What you need to produce from the material below is an exact transcription of the lines from the one with "#4196 = DIRECTION" through the one with "#4668 = CARTESIAN_POINT", both included, and no other line.

-*-*-

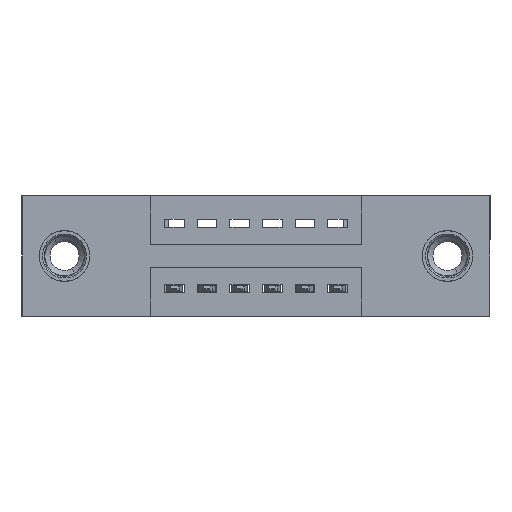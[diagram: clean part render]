
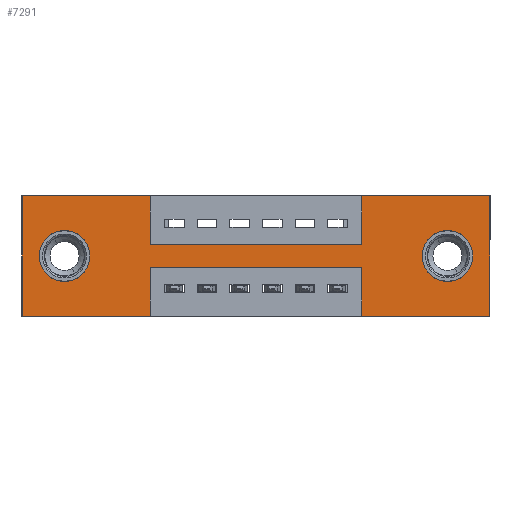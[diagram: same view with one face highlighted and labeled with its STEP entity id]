
A CAD part, front view. The second image highlights one B-rep face of the part: STEP entity #7291.
In plain terms, the highlighted planar face has unit normal (0, -1, 0).
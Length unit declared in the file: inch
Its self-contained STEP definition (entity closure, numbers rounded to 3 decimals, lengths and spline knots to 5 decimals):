
#179 = ORIENTED_EDGE ( 'NONE', *, *, #10138, .T. ) ;
#206 = EDGE_CURVE ( 'NONE', #11216, #5154, #5123, .T. ) ;
#233 = EDGE_CURVE ( 'NONE', #9246, #2212, #6238, .T. ) ;
#341 = ORIENTED_EDGE ( 'NONE', *, *, #8692, .F. ) ;
#365 = VECTOR ( 'NONE', #2793, 39.37008 ) ;
#413 = FACE_BOUND ( 'NONE', #3893, .T. ) ;
#585 = EDGE_CURVE ( 'NONE', #10567, #6690, #9088, .T. ) ;
#598 = DIRECTION ( 'NONE',  ( 0., 0., 1. ) ) ;
#823 = AXIS2_PLACEMENT_3D ( 'NONE', #10186, #6408, #7368 ) ;
#1129 = ORIENTED_EDGE ( 'NONE', *, *, #3568, .F. ) ;
#1351 = EDGE_CURVE ( 'NONE', #9087, #11216, #8939, .T. ) ;
#1526 = CARTESIAN_POINT ( 'NONE',  ( 1.0425, 0., -0.22 ) ) ;
#1656 = CARTESIAN_POINT ( 'NONE',  ( 0.3925, 0., -0.37 ) ) ;
#1751 = CARTESIAN_POINT ( 'NONE',  ( 1.435, 0., -0.37 ) ) ;
#1842 = EDGE_CURVE ( 'NONE', #4910, #8098, #11583, .T. ) ;
#1869 = AXIS2_PLACEMENT_3D ( 'NONE', #4397, #5419, #8907 ) ;
#1873 = LINE ( 'NONE', #9457, #10863 ) ;
#2212 = VERTEX_POINT ( 'NONE', #3135 ) ;
#2248 = EDGE_CURVE ( 'NONE', #6690, #3935, #3122, .T. ) ;
#2264 = EDGE_CURVE ( 'NONE', #11400, #9436, #1873, .T. ) ;
#2383 = DIRECTION ( 'NONE',  ( -1., 0., 0. ) ) ;
#2417 = DIRECTION ( 'NONE',  ( 1., 0., 0. ) ) ;
#2437 = LINE ( 'NONE', #4310, #6908 ) ;
#2793 = DIRECTION ( 'NONE',  ( 1., 0., 0. ) ) ;
#3066 = ORIENTED_EDGE ( 'NONE', *, *, #585, .F. ) ;
#3069 = CARTESIAN_POINT ( 'NONE',  ( 0., 0., -0.37 ) ) ;
#3122 = LINE ( 'NONE', #11392, #5086 ) ;
#3135 = CARTESIAN_POINT ( 'NONE',  ( 0.13, 0., -0.107 ) ) ;
#3289 = VECTOR ( 'NONE', #7679, 39.37008 ) ;
#3320 = DIRECTION ( 'NONE',  ( -1., 0., 0. ) ) ;
#3568 = EDGE_CURVE ( 'NONE', #5324, #8181, #4211, .T. ) ;
#3769 = DIRECTION ( 'NONE',  ( 0., 1., 0. ) ) ;
#3847 = DIRECTION ( 'NONE',  ( 0., 0., -1. ) ) ;
#3893 = EDGE_LOOP ( 'NONE', ( #4840, #3996 ) ) ;
#3935 = VERTEX_POINT ( 'NONE', #1526 ) ;
#3944 = EDGE_LOOP ( 'NONE', ( #11547, #11594, #4911, #3066, #341, #1129, #4010, #8026, #9333, #5302, #11224, #4295 ) ) ;
#3968 = EDGE_CURVE ( 'NONE', #11138, #7184, #10548, .T. ) ;
#3996 = ORIENTED_EDGE ( 'NONE', *, *, #233, .T. ) ;
#4010 = ORIENTED_EDGE ( 'NONE', *, *, #4434, .F. ) ;
#4033 = EDGE_CURVE ( 'NONE', #2212, #9246, #9292, .T. ) ;
#4037 = DIRECTION ( 'NONE',  ( -1., 0., 0. ) ) ;
#4075 = AXIS2_PLACEMENT_3D ( 'NONE', #7203, #3769, #5404 ) ;
#4153 = DIRECTION ( 'NONE',  ( 0., 0., 1. ) ) ;
#4196 = DIRECTION ( 'NONE',  ( 0., -1., 0. ) ) ;
#4211 = LINE ( 'NONE', #4668, #7304 ) ;
#4271 = EDGE_CURVE ( 'NONE', #3935, #11138, #5603, .T. ) ;
#4295 = ORIENTED_EDGE ( 'NONE', *, *, #4659, .F. ) ;
#4310 = CARTESIAN_POINT ( 'NONE',  ( 1.0425, 0., 0. ) ) ;
#4397 = CARTESIAN_POINT ( 'NONE',  ( 1.305, 0., -0.185 ) ) ;
#4434 = EDGE_CURVE ( 'NONE', #5154, #5324, #2437, .T. ) ;
#4659 = EDGE_CURVE ( 'NONE', #7184, #11400, #10865, .T. ) ;
#4668 = CARTESIAN_POINT ( 'NONE',  ( 0., 0., 0. ) ) ;
#4679 = CARTESIAN_POINT ( 'NONE',  ( 0., 0., 0. ) ) ;
#4840 = ORIENTED_EDGE ( 'NONE', *, *, #4033, .T. ) ;
#4910 = VERTEX_POINT ( 'NONE', #8176 ) ;
#4911 = ORIENTED_EDGE ( 'NONE', *, *, #2248, .F. ) ;
#5005 = CARTESIAN_POINT ( 'NONE',  ( 0.13, 0., -0.263 ) ) ;
#5086 = VECTOR ( 'NONE', #598, 39.37008 ) ;
#5094 = CARTESIAN_POINT ( 'NONE',  ( 0.3925, 0., -0.37 ) ) ;
#5123 = LINE ( 'NONE', #10072, #365 ) ;
#5154 = VERTEX_POINT ( 'NONE', #8238 ) ;
#5302 = ORIENTED_EDGE ( 'NONE', *, *, #10382, .F. ) ;
#5324 = VERTEX_POINT ( 'NONE', #7201 ) ;
#5329 = VECTOR ( 'NONE', #2383, 39.37008 ) ;
#5404 = DIRECTION ( 'NONE',  ( 0., 0., 1. ) ) ;
#5419 = DIRECTION ( 'NONE',  ( 0., 1., 0. ) ) ;
#5461 = CARTESIAN_POINT ( 'NONE',  ( 0.3925, 0., -0.22 ) ) ;
#5562 = VECTOR ( 'NONE', #11574, 39.37008 ) ;
#5603 = LINE ( 'NONE', #10420, #5329 ) ;
#5972 = DIRECTION ( 'NONE',  ( 0., 0., -1. ) ) ;
#6140 = FACE_BOUND ( 'NONE', #10869, .T. ) ;
#6179 = CARTESIAN_POINT ( 'NONE',  ( 1.435, 0., 0. ) ) ;
#6238 = CIRCLE ( 'NONE', #4075, 0.078 ) ;
#6408 = DIRECTION ( 'NONE',  ( 0., 1., 0. ) ) ;
#6675 = CARTESIAN_POINT ( 'NONE',  ( 0., 0., -0.37 ) ) ;
#6684 = ORIENTED_EDGE ( 'NONE', *, *, #1842, .T. ) ;
#6690 = VERTEX_POINT ( 'NONE', #7431 ) ;
#6908 = VECTOR ( 'NONE', #11467, 39.37008 ) ;
#6982 = CARTESIAN_POINT ( 'NONE',  ( 0., 0., 0. ) ) ;
#6992 = VECTOR ( 'NONE', #5972, 39.37008 ) ;
#7184 = VERTEX_POINT ( 'NONE', #1656 ) ;
#7193 = CARTESIAN_POINT ( 'NONE',  ( 0.3925, 0., 0. ) ) ;
#7201 = CARTESIAN_POINT ( 'NONE',  ( 1.0425, 0., 0. ) ) ;
#7203 = CARTESIAN_POINT ( 'NONE',  ( 0.13, 0., -0.185 ) ) ;
#7291 = ADVANCED_FACE ( 'NONE', ( #6140, #413, #9831 ), #8685, .T. ) ;
#7304 = VECTOR ( 'NONE', #10997, 39.37008 ) ;
#7368 = DIRECTION ( 'NONE',  ( 0., 0., 1. ) ) ;
#7431 = CARTESIAN_POINT ( 'NONE',  ( 1.0425, 0., -0.37 ) ) ;
#7679 = DIRECTION ( 'NONE',  ( 0., 0., -1. ) ) ;
#7772 = AXIS2_PLACEMENT_3D ( 'NONE', #9583, #4196, #7809 ) ;
#7809 = DIRECTION ( 'NONE',  ( 0., 0., -1. ) ) ;
#7962 = LINE ( 'NONE', #6179, #5562 ) ;
#8026 = ORIENTED_EDGE ( 'NONE', *, *, #206, .F. ) ;
#8090 = CARTESIAN_POINT ( 'NONE',  ( 1.435, 0., 0. ) ) ;
#8098 = VERTEX_POINT ( 'NONE', #10560 ) ;
#8171 = AXIS2_PLACEMENT_3D ( 'NONE', #8330, #11121, #3847 ) ;
#8176 = CARTESIAN_POINT ( 'NONE',  ( 1.305, 0., -0.107 ) ) ;
#8181 = VERTEX_POINT ( 'NONE', #8090 ) ;
#8224 = CARTESIAN_POINT ( 'NONE',  ( 0.3925, 0., -0.15 ) ) ;
#8238 = CARTESIAN_POINT ( 'NONE',  ( 1.0425, 0., -0.15 ) ) ;
#8330 = CARTESIAN_POINT ( 'NONE',  ( 1.305, 0., -0.185 ) ) ;
#8624 = VECTOR ( 'NONE', #4037, 39.37008 ) ;
#8685 = PLANE ( 'NONE',  #7772 ) ;
#8692 = EDGE_CURVE ( 'NONE', #8181, #10567, #7962, .T. ) ;
#8750 = CARTESIAN_POINT ( 'NONE',  ( 0., 0., -0.37 ) ) ;
#8803 = VECTOR ( 'NONE', #3320, 39.37008 ) ;
#8907 = DIRECTION ( 'NONE',  ( 0., 0., -1. ) ) ;
#8939 = LINE ( 'NONE', #9482, #3289 ) ;
#9087 = VERTEX_POINT ( 'NONE', #7193 ) ;
#9088 = LINE ( 'NONE', #8750, #8803 ) ;
#9246 = VERTEX_POINT ( 'NONE', #5005 ) ;
#9292 = CIRCLE ( 'NONE', #823, 0.078 ) ;
#9333 = ORIENTED_EDGE ( 'NONE', *, *, #1351, .F. ) ;
#9436 = VERTEX_POINT ( 'NONE', #4679 ) ;
#9457 = CARTESIAN_POINT ( 'NONE',  ( 0., 0., 0. ) ) ;
#9482 = CARTESIAN_POINT ( 'NONE',  ( 0.3925, 0., 0. ) ) ;
#9583 = CARTESIAN_POINT ( 'NONE',  ( 0., 0., -0.37 ) ) ;
#9831 = FACE_OUTER_BOUND ( 'NONE', #3944, .T. ) ;
#9902 = LINE ( 'NONE', #6982, #10056 ) ;
#10056 = VECTOR ( 'NONE', #2417, 39.37008 ) ;
#10072 = CARTESIAN_POINT ( 'NONE',  ( 0.3925, 0., -0.15 ) ) ;
#10138 = EDGE_CURVE ( 'NONE', #8098, #4910, #11169, .T. ) ;
#10186 = CARTESIAN_POINT ( 'NONE',  ( 0.13, 0., -0.185 ) ) ;
#10382 = EDGE_CURVE ( 'NONE', #9436, #9087, #9902, .T. ) ;
#10420 = CARTESIAN_POINT ( 'NONE',  ( 0.3925, 0., -0.22 ) ) ;
#10548 = LINE ( 'NONE', #5094, #6992 ) ;
#10560 = CARTESIAN_POINT ( 'NONE',  ( 1.305, 0., -0.263 ) ) ;
#10567 = VERTEX_POINT ( 'NONE', #1751 ) ;
#10863 = VECTOR ( 'NONE', #4153, 39.37008 ) ;
#10865 = LINE ( 'NONE', #6675, #8624 ) ;
#10869 = EDGE_LOOP ( 'NONE', ( #6684, #179 ) ) ;
#10997 = DIRECTION ( 'NONE',  ( 1., 0., 0. ) ) ;
#11121 = DIRECTION ( 'NONE',  ( 0., 1., 0. ) ) ;
#11138 = VERTEX_POINT ( 'NONE', #5461 ) ;
#11169 = CIRCLE ( 'NONE', #8171, 0.078 ) ;
#11216 = VERTEX_POINT ( 'NONE', #8224 ) ;
#11224 = ORIENTED_EDGE ( 'NONE', *, *, #2264, .F. ) ;
#11392 = CARTESIAN_POINT ( 'NONE',  ( 1.0425, 0., -0.37 ) ) ;
#11400 = VERTEX_POINT ( 'NONE', #3069 ) ;
#11467 = DIRECTION ( 'NONE',  ( 0., 0., 1. ) ) ;
#11547 = ORIENTED_EDGE ( 'NONE', *, *, #3968, .F. ) ;
#11574 = DIRECTION ( 'NONE',  ( 0., 0., -1. ) ) ;
#11583 = CIRCLE ( 'NONE', #1869, 0.078 ) ;
#11594 = ORIENTED_EDGE ( 'NONE', *, *, #4271, .F. ) ;

-*-*-

## Completed exercise
#4196 = DIRECTION ( 'NONE',  ( 0., -1., 0. ) ) ;
#4211 = LINE ( 'NONE', #4668, #7304 ) ;
#4271 = EDGE_CURVE ( 'NONE', #3935, #11138, #5603, .T. ) ;
#4295 = ORIENTED_EDGE ( 'NONE', *, *, #4659, .F. ) ;
#4310 = CARTESIAN_POINT ( 'NONE',  ( 1.0425, 0., 0. ) ) ;
#4397 = CARTESIAN_POINT ( 'NONE',  ( 1.305, 0., -0.185 ) ) ;
#4434 = EDGE_CURVE ( 'NONE', #5154, #5324, #2437, .T. ) ;
#4659 = EDGE_CURVE ( 'NONE', #7184, #11400, #10865, .T. ) ;
#4668 = CARTESIAN_POINT ( 'NONE',  ( 0., 0., 0. ) ) ;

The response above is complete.